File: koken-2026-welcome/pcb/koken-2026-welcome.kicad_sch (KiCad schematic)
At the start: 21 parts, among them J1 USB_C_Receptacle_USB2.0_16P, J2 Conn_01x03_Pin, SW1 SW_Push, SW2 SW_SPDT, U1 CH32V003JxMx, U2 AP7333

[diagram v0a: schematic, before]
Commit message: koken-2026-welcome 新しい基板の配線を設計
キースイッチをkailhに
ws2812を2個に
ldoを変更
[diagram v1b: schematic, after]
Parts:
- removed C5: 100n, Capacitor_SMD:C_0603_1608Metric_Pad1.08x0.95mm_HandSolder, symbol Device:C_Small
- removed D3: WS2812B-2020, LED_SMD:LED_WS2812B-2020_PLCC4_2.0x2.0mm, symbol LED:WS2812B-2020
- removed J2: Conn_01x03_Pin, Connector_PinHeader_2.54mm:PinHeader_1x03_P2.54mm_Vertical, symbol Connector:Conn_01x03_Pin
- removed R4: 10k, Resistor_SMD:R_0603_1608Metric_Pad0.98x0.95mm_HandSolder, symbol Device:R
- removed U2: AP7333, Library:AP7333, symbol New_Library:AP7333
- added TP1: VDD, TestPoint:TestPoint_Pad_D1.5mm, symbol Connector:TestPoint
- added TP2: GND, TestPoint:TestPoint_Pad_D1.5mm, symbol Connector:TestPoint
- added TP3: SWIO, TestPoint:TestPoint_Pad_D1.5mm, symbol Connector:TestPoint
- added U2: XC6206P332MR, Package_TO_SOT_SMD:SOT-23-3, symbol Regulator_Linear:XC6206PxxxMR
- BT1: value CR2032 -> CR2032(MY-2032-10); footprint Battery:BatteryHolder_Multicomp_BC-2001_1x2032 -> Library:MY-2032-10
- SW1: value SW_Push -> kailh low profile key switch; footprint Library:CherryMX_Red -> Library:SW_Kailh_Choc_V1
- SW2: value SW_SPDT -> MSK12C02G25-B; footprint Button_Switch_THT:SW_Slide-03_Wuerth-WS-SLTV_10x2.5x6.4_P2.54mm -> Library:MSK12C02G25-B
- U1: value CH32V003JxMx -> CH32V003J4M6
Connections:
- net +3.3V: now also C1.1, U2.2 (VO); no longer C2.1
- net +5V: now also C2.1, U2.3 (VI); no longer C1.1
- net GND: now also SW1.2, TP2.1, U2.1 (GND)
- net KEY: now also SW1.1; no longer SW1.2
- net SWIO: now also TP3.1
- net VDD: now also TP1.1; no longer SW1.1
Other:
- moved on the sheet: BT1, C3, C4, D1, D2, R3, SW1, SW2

### Instructions to follow
Where the data above reaches the line holding "- SW1: value", begin printing, and stop after the line holding "- net +5V: now". Each line must be reproduced exactly, with nothing else added.

### The completed task
- SW1: value SW_Push -> kailh low profile key switch; footprint Library:CherryMX_Red -> Library:SW_Kailh_Choc_V1
- SW2: value SW_SPDT -> MSK12C02G25-B; footprint Button_Switch_THT:SW_Slide-03_Wuerth-WS-SLTV_10x2.5x6.4_P2.54mm -> Library:MSK12C02G25-B
- U1: value CH32V003JxMx -> CH32V003J4M6
Connections:
- net +3.3V: now also C1.1, U2.2 (VO); no longer C2.1
- net +5V: now also C2.1, U2.3 (VI); no longer C1.1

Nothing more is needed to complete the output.